The copy you return should hold only the lines from the top of the data below through the line with "line L3 (-34.299, 122.3851)", each duplicated exactly and with no pictures.

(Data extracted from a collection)
►

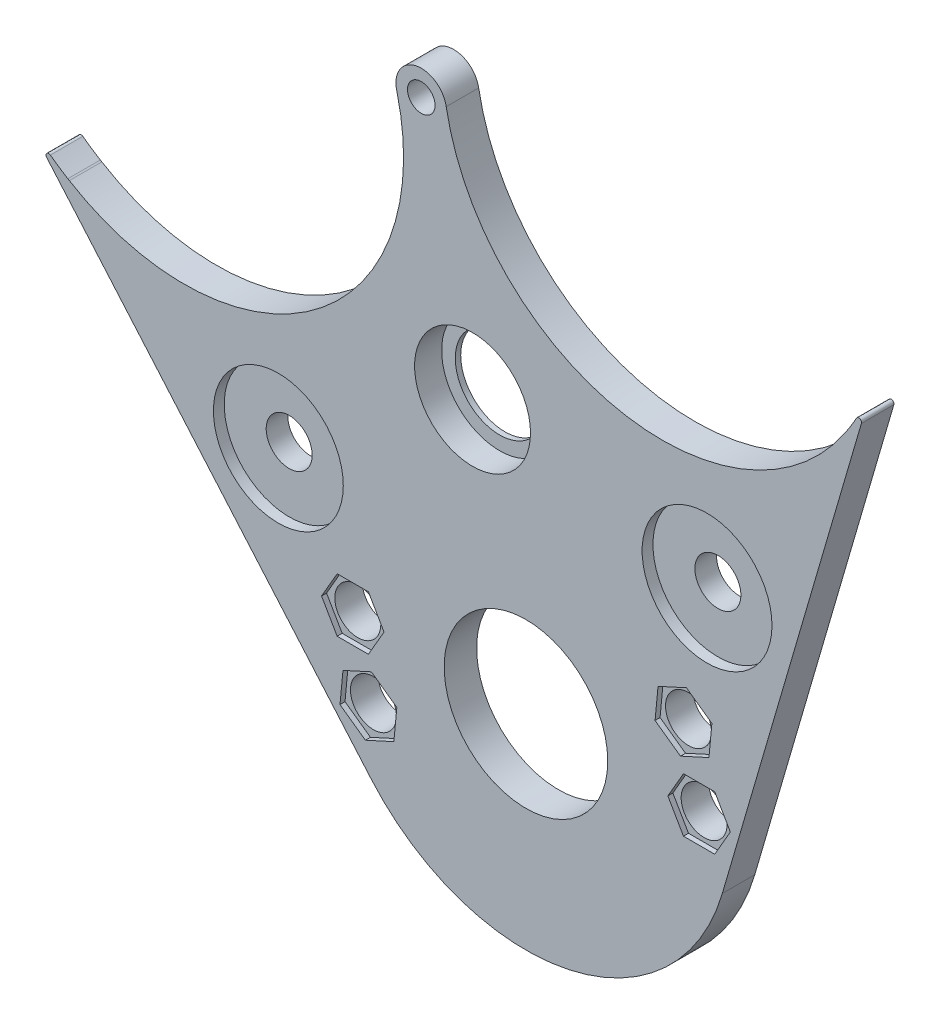
SolidWorks part; units mm, degrees
material "6061-T6 (SS)"
ref_plane "Front Plane" through (0, 0, 0) normal (0, 0, 1) x (1, 0, 0)
ref_plane "Top Plane" through (0, 0, 0) normal (0, 1, 0) x (1, 0, 0)
ref_plane "Right Plane" through (0, 0, 0) normal (1, 0, 0) x (0, 0, -1)
sketch "Sketch1" plane through (0, 0, 0) normal (0, 0, 1) x (1, 0, 0)
  line L0 (-7.8325, 36.0395) -> (0, 0) construction
  line L1 (-114.3559, 29.5275) -> (95.9028, 29.5275) construction
  line L2 (-107.2972, 26.9875) -> (95.9028, 26.9875) construction
  line L3 (-34.299, 122.3851) -> (-30.7317, 35.1036) construction
  line L4 (-107.2972, -23.8125) -> (95.9028, -23.8125) construction
  line L5 (-19.5919, 125.5814) -> (13.3895, 44.6925) construction
  line L6 (-55.9402, 56.7468) -> (-25.1916, 21.0759) construction
  line L7 (14.1715, 29.6307) -> (27.3408, 74.8464) construction
  line L8 (-50.1538, 61.7347) -> (-7.8325, 36.0395) construction
  line L9 (-7.8325, 36.0395) -> (-26.6659, 122.6971) construction
  line L10 (-7.8325, 36.0395) -> (20.0062, 76.9827) construction
  line L11 (-48.8132, 69.2556) -> (-16.6236, 63.5179) construction
  line L12 (-11.2396, 64.688) -> (15.6649, 83.2687) construction
  line L13 (0, 0) -> (-25.4, 0) construction
  line L14 (-26.6659, 122.6971) -> (-26.7738, 123.1935) construction
  line L15 (-50.1538, 61.7347) -> (-50.588, 61.9983) construction
  line L16 (-22.7158, -19.6015) -> (-74.972, 40.9574)
  line L17 (28.8025, -8.4049) -> (51.2095, 68.3806)
  line L18 (-51.5405, 117.551) -> (-1.8993, 128.3396) construction
  line L19 (-49.7306, 112.0585) -> (-3.6012, 133.3357) construction
  line L20 (-52.1736, 123.2992) -> (-1.374, 123.0877) construction
  line L21 (2.5906, 95.4721) -> (37.4217, 58.4932) construction
  line L22 (-58.3242, 37.6847) -> (-41.9834, 85.7847) construction
  line L23 (-68.1569, 43.6546) -> (-33.0191, 80.3421) construction
  line L24 (-37.1888, 83.5781) -> (-63.553, 40.155) construction
  line L25 (-50.588, 61.9983) -> (-47.8741, 60.3506) construction
  line L26 (-45.3152, 70.683) -> (-42.6012, 69.0352) construction
  line L27 (-55.8609, 53.3137) -> (-53.1469, 51.666) construction
  line L28 (-26.7738, 123.1935) -> (-26.0995, 120.0909) construction
  line L29 (-16.8456, 125.3512) -> (-16.1713, 122.2486) construction
  line L30 (-36.702, 121.0358) -> (-36.0278, 117.9332) construction
  line L31 (20.0062, 76.9827) -> (20.2918, 77.4027) construction
  line L32 (-0.8556, 91.4744) -> (41.1535, 62.911) construction
  line L33 (-3.306, 86.7997) -> (43.8896, 68.0058) construction
  line L34 (20.2918, 77.4027) -> (18.5066, 74.7772) construction
  line L35 (28.6936, 71.6901) -> (26.9084, 69.0645) construction
  line L36 (11.89, 83.1154) -> (10.1047, 80.4899) construction
  line L37 (0, 0) -> (25.4, 0) construction
  line L38 (0, 0) -> (-23.1088, -10.5425) construction
  line L39 (0, 0) -> (23.1088, 10.5425) construction
  line L41 (-29.9827, 0) -> (-27.6914, -3.9688)
  line L42 (-27.6914, -3.9688) -> (-23.1086, -3.9688)
  line L43 (-23.1086, -3.9688) -> (-20.8173, 0)
  line L44 (-20.8173, 0) -> (-23.1086, 3.9688)
  line L45 (-23.1086, 3.9688) -> (-27.6914, 3.9688)
  line L46 (-27.6914, 3.9688) -> (-29.9827, 0)
  line L47 (-18.9395, -8.6404) -> (-22.6714, -5.9807)
  line L48 (-22.6714, -5.9807) -> (-26.8407, -7.8828)
  line L49 (-26.8407, -7.8828) -> (-27.2781, -12.4446)
  line L50 (-27.2781, -12.4446) -> (-23.5462, -15.1043)
  line L51 (-23.5462, -15.1043) -> (-19.3769, -13.2022)
  line L52 (-19.3769, -13.2022) -> (-18.9395, -8.6404)
  line L53 (18.9395, 8.6404) -> (22.6714, 5.9807)
  line L54 (22.6714, 5.9807) -> (26.8407, 7.8828)
  line L55 (26.8407, 7.8828) -> (27.2781, 12.4446)
  line L56 (27.2781, 12.4446) -> (23.5462, 15.1043)
  line L57 (23.5462, 15.1043) -> (19.3769, 13.2022)
  line L58 (19.3769, 13.2022) -> (18.9395, 8.6404)
  line L59 (20.8173, 0) -> (23.1086, -3.9688)
  line L60 (23.1086, -3.9688) -> (27.6914, -3.9688)
  line L61 (27.6914, -3.9688) -> (29.9827, 0)
  line L62 (29.9827, 0) -> (27.6914, 3.9688)
  line L63 (27.6914, 3.9688) -> (23.1086, 3.9688)
  line L64 (23.1086, 3.9688) -> (20.8173, 0)
  circle A0 centre (0, 0) radius 27.94 construction
  circle A1 centre (-7.8325, 36.0395) radius 15.24 construction
  circle A2 centre (-7.8325, 36.0395) radius 8.89 construction
  circle A3 centre (0, 0) radius 21.59 construction
  circle A4 centre (-50.1538, 61.7347) radius 32.2072
  circle A5 centre (20.0062, 76.9827) radius 32.2072
  circle A6 centre (-26.6659, 122.6971) radius 32.2072 construction
  arc A7 (-25.1916, 21.0759) -> (14.1715, 29.6307) centre (-7.8325, 36.0395) ccw construction
  arc A8 (-48.8132, 69.2556) -> (-55.9402, 56.7468) centre (-50.1538, 61.7347) ccw construction
  arc A9 (27.3408, 74.8464) -> (15.6649, 83.2687) centre (20.0062, 76.9827) ccw construction
  arc A10 (-19.5919, 125.5814) -> (-34.299, 122.3851) centre (-26.6659, 122.6971) ccw construction
  circle A11 centre (-15.3533, 70.6445) radius 3.175 construction
  arc A12 (-16.6236, 63.5179) -> (-11.2396, 64.688) centre (-15.3533, 70.6445) ccw construction
  arc A13 (-30.7317, 35.1036) -> (13.3895, 44.6925) centre (-7.8325, 36.0395) ccw construction
  circle A14 centre (-26.7738, 123.1935) radius 32.2072 construction
  circle A15 centre (-26.7199, 122.9453) radius 32.2072 construction
  circle A16 centre (-50.588, 61.9983) radius 32.2072
  circle A17 centre (-50.3709, 61.8665) radius 32.2072
  arc A18 (5.4875, 124.5569) -> (20.9913, 109.6024) centre (21.336, 125.4736) ccw construction
  arc A19 (-64.5891, 91.0031) -> (-56.6909, 111.0436) centre (-71.4903, 105.2995) ccw construction
  circle A20 centre (-36.3191, 15.6028) radius 9.525
  circle A21 centre (26.5668, 29.2699) radius 9.525
  arc A22 (-22.7158, -19.6015) -> (28.8025, -8.4049) centre (0, 0) ccw
  circle A23 centre (-7.8325, 36.0395) radius 10.5 construction
  circle A24 centre (0, 0) radius 13 construction
  circle A25 centre (0, 0) radius 8.5 construction
  circle A26 centre (0, 0) radius 12
  circle A27 centre (-7.8325, 36.0395) radius 8.5
  arc A28 (-45.3152, 70.683) -> (-55.8609, 53.3137) centre (-50.588, 61.9983) ccw construction
  arc A29 (-53.1469, 51.666) -> (-42.6012, 69.0352) centre (-47.8741, 60.3506) ccw construction
  arc A30 (-16.8456, 125.3512) -> (-36.702, 121.0358) centre (-26.7738, 123.1935) ccw construction
  arc A31 (-36.0278, 117.9332) -> (-16.1713, 122.2486) centre (-26.0995, 120.0909) ccw construction
  arc A32 (28.6936, 71.6901) -> (11.89, 83.1154) centre (20.2918, 77.4027) ccw construction
  circle A33 centre (-15.3533, 70.6445) radius 3.7158
  arc A34 (-69.7639, 36.1219) -> (-70.3006, 35.5438) centre (-70.0002, 35.803) ccw
  circle A35 centre (20.149, 77.1927) radius 32.2072
  circle A36 centre (20.2918, 77.4027) radius 32.2072
  arc A37 (10.1047, 80.4899) -> (26.9084, 69.0645) centre (18.5066, 74.7772) ccw construction
  arc A38 (49.2064, 61.5164) -> (48.4781, 61.8196) centre (48.8254, 61.6276) ccw
  circle A39 centre (0, 0) radius 25.4 construction
  circle A40 centre (-25.4, 0) radius 3.9687 construction
  circle A41 centre (-23.1088, -10.5425) radius 3.9687 construction
  circle A42 centre (23.1088, 10.5425) radius 3.9687 construction
  circle A43 centre (25.4, 0) radius 3.9688 construction
  point P64 (-26.7199, 122.9453)
  point P66 (-51.5405, 117.551)
  point P67 (-1.8993, 128.3396)
  point P69 (-26.6659, 122.6971)
  point P71 (-49.7306, 112.0585)
  point P72 (-3.6012, 133.3357)
  point P74 (-26.7738, 123.1935)
  point P76 (-52.1736, 123.2992)
  point P77 (-1.374, 123.0877)
  point P79 (20.0062, 76.9827)
  point P81 (2.5906, 95.4721)
  point P82 (37.4217, 58.4932)
  point P88 (-50.588, 61.9983)
  point P89 (-68.1569, 43.6546)
  point P90 (-58.3242, 37.6847)
  point P91 (-63.553, 40.155)
  point P92 (-37.1888, 83.5781)
  point P93 (-41.9834, 85.7847)
  point P94 (-33.0191, 80.3421)
  point P95 (-50.3709, 61.8665)
  point P96 (-50.1538, 61.7347)
  point P98 (-49.231, 61.1745)
  point P104 (-26.4367, 121.6422)
  point P120 (20.149, 77.1927)
  point P121 (20.2918, 77.4027)
  point P122 (19.3992, 76.09)
  point P123 (-0.8556, 91.4744)
  point P124 (-3.306, 86.7997)
  point P125 (41.1535, 62.911)
  point P126 (43.8896, 68.0058)
  dimension "D1" = 55.88
  dimension "D2" = 43.18
  dimension "D3" = 17.78
  dimension "D4" = 30.48
  dimension "D10" = 64.4144
  dimension "D11" = 45.8366
  dimension "D12" = 15.2789
  dimension "D16" = 92.949
  dimension "D18" = 6.35
  dimension "D19" = 14.478
  dimension "D20" = 252
  dimension "D9" = 45.8366
  dimension "D23" = 0.254
  dimension "D22" = 276
  dimension "D25" = 31.75
  dimension "D26" = 30.0037
  dimension "D27" = 19.05
  dimension "D31" = 26
  dimension "D30" = 21
  dimension "D32" = 17
  dimension "D33" = 24
  dimension "D34" = 17
  dimension "D38" = 12.5
  dimension "D40" = 10.16
  dimension "D42" = 10.16
  dimension "D44" = 12.5
  dimension "D45" = 0.7937
  dimension "D49" = 10.16
  dimension "D50" = 0.7937
  dimension "D57" = 50.8
  dimension "D5" = 36.8808
  dimension "D6" = 26.9875
  dimension "D7" = 50.8
  dimension "D8" = 2.54
  dimension "D13" = 49.5109
  dimension "D14" = 49.5109
  dimension "D15" = 123
  dimension "D17" = 46.475
  dimension "D21" = 140.868
  dimension "D24" = 0.254
  dimension "D28" = 12.7
  dimension "D29" = 12.7
  dimension "D35" = 50.8
  dimension "D36" = 12.5
  dimension "D37" = 12.5
  dimension "D39" = 12.5
  dimension "D41" = 3.175
  dimension "D43" = 3.175
  dimension "D46" = 0.254
  dimension "D47" = 12.5
  dimension "D48" = 3.175
  dimension "D51" = 77.739
  dimension "D52" = 77.739
  dimension "D53" = 7.9375
  dimension "D54" = 7.9375
  dimension "D55" = 7.9375
  dimension "D56" = 7.9375
extrude "Boss-Extrude1" add sketch "Sketch1" against normal blind 4.7625 contours L17 A38 A36 A35 A5 A33 A4 A17 A16 A34 L16 A22 A20 A21 A26 A27 | A20 | A21 | A33 | L51 L52 L47 L48 L49 L50 | L45 L46 L41 L42 L43 L44 | L57 L58 L53 L54 L55 L56 | L63 L64 L59 L60 L61 L62 region at (-3.534, 16.2611, 0) region at (-15.3533, 70.6445, 0) region at (-25.4, 0, 0) region at (-23.1088, -10.5425, 0) region at (23.1088, 10.5425, 0) region at (25.4, 0, 0) region at (-36.3191, 15.6028, 0) region at (26.5668, 29.2699, 0)
extrude "Cut-Extrude1" cut sketch "Sketch1<4>" against normal blind 1.5875 contours A20 | A21 region at (-36.3191, 15.6028, 0) region at (26.5668, 29.2699, 0)
sketch "Sketch1<4>" plane through (0, 0, 0) normal (0, 0, 1) x (1, 0, 0) same geometry as "Sketch1"
hole_wizard "#10-32 Tapped Hole1" positions "Sketch3" profile "Sketch2" tap size "#10-32" standard "ANSI Inch" end condition through all
sketch "Sketch3" plane through (0, 0, 0) normal (0, 0, 1) x (1, 0, 0)
  point P0 (-15.3533, 70.6445)
sketch "Sketch2" plane through (-15.3533, 70.6445, 0) normal (1, 0, 0) x (0, -1, 0)
  line L0 (0, 0) -> (0, 4.7625)
  line L1 (0, 4.7625) -> (2.0193, 4.7625)
  line L2 (2.0193, 4.7625) -> (2.0193, 0)
  line L5 (2.0193, 0) -> (0, 0)
  line L11 (0, -6.35) -> (0, 107.95) construction
  dimension "Thru Tap Drill Dia." = 4.0386
  dimension "Thru Tap Drill Depth" = 4.7625
cosmetic thread "Hole Thread1" parameters "D2"=4.826
sketch "Sketch7" plane through (0, 0, -4.7625) normal (0, 0, -1) x (-1, 0, 0)
  circle A0 centre (7.8325, 36.0395) radius 8.5 construction
  circle A1 centre (7.8325, 36.0395) radius 8.5
  circle A2 centre (7.8325, 36.0395) radius 6.5
  dimension "D1" = 13
extrude "Boss-Extrude3" add sketch "Sketch7" against normal blind 0.7937
hole_wizard "17/64 (0.26563) Diameter Hole1" positions "Sketch9" profile "Sketch8" hole size "17/64" standard "ANSI Inch" end condition through all
sketch "Sketch9" plane through (0, 0, 0) normal (0, 0, 1) x (1, 0, 0)
  point P0 (-36.3191, 15.6028)
  point P3 (26.5668, 29.2699)
  point P6 (23.1088, 10.5425)
  point P9 (25.4, 0)
  point P12 (-23.1088, -10.5425)
  point P15 (-25.4, 0)
sketch "Sketch8" plane through (-36.3191, 15.6028, 0) normal (1, 0, 0) x (0, -1, 0)
  line L0 (0, 0) -> (0, 4.7625)
  line L1 (0, 4.7625) -> (3.3735, 4.7625)
  line L2 (3.3735, 4.7625) -> (3.3735, 0)
  line L5 (3.3735, 0) -> (0, 0)
  line L11 (0, -6.35) -> (0, 107.95) construction
  dimension "Thru Hole Dia." = 6.747
  dimension "Thru Hole Depth" = 4.7625
extrude "Cut-Extrude2" cut sketch "Sketch1<5>" against normal blind 0.7366 contours L45 L46 L41 L42 L43 L44 | L51 L52 L47 L48 L49 L50 | L57 L58 L53 L54 L55 L56 | L63 L64 L59 L60 L61 L62 region at (-25.4, 0, 0) region at (-23.1088, -10.5425, 0) region at (23.1088, 10.5425, 0) region at (25.4, 0, 0)
sketch "Sketch1<5>" plane through (0, 0, 0) normal (0, 0, 1) x (1, 0, 0) same geometry as "Sketch1"
equation "\"D1@Sketch1\"=44/20"
equation "\"D2@Sketch1\"=34/20"
equation "\"D3@Sketch1\"=14/20"
equation "\"D4@Sketch1\"=24/20"
equation "\"D5@Sketch1\"=(14+44)/20/2 + .002"
equation "\"D11@Sketch1\"=48*3mm/pi"
equation "\"D12@Sketch1\"=16*3mm/pi"
equation "\"D13@Sketch1\"=(\"D10@Sketch1\"+\"D4@Sketch1\"+.1)/2+1/32"
equation "\"D14@Sketch1\"=\"D13@Sketch1\""
equation "\"D16@Sketch1\"=\"D17@Sketch1\""
equation "\"D17@Sketch1\"=\"D16@Sketch1\"/2"
equation "\"D20@Sketch1\"=252mm"
equation "\"D19@Sketch1\"=0.50in+.035*2"
equation "\"D22@Sketch1\"=92*3mm"
equation "\"D9@Sketch1\"=\"D11@Sketch1\""
equation "\"D26@Sketch1\"=(46/20)/2+1/32"
equation "\"D31@Sketch1\"=26mm"
equation "\"D30@Sketch1\"=21mm"
equation "\"D32@Sketch1\"=17mm"
equation "\"D33@Sketch1\"=24mm"
equation "\"D34@Sketch1\"=17mm"

◄

▶ _Output_
SolidWorks part; units mm, degrees
material "6061-T6 (SS)"
ref_plane "Front Plane" through (0, 0, 0) normal (0, 0, 1) x (1, 0, 0)
ref_plane "Top Plane" through (0, 0, 0) normal (0, 1, 0) x (1, 0, 0)
ref_plane "Right Plane" through (0, 0, 0) normal (1, 0, 0) x (0, 0, -1)
sketch "Sketch1" plane through (0, 0, 0) normal (0, 0, 1) x (1, 0, 0)
  line L0 (-7.8325, 36.0395) -> (0, 0) construction
  line L1 (-114.3559, 29.5275) -> (95.9028, 29.5275) construction
  line L2 (-107.2972, 26.9875) -> (95.9028, 26.9875) construction
  line L3 (-34.299, 122.3851) -> (-30.7317, 35.1036) construction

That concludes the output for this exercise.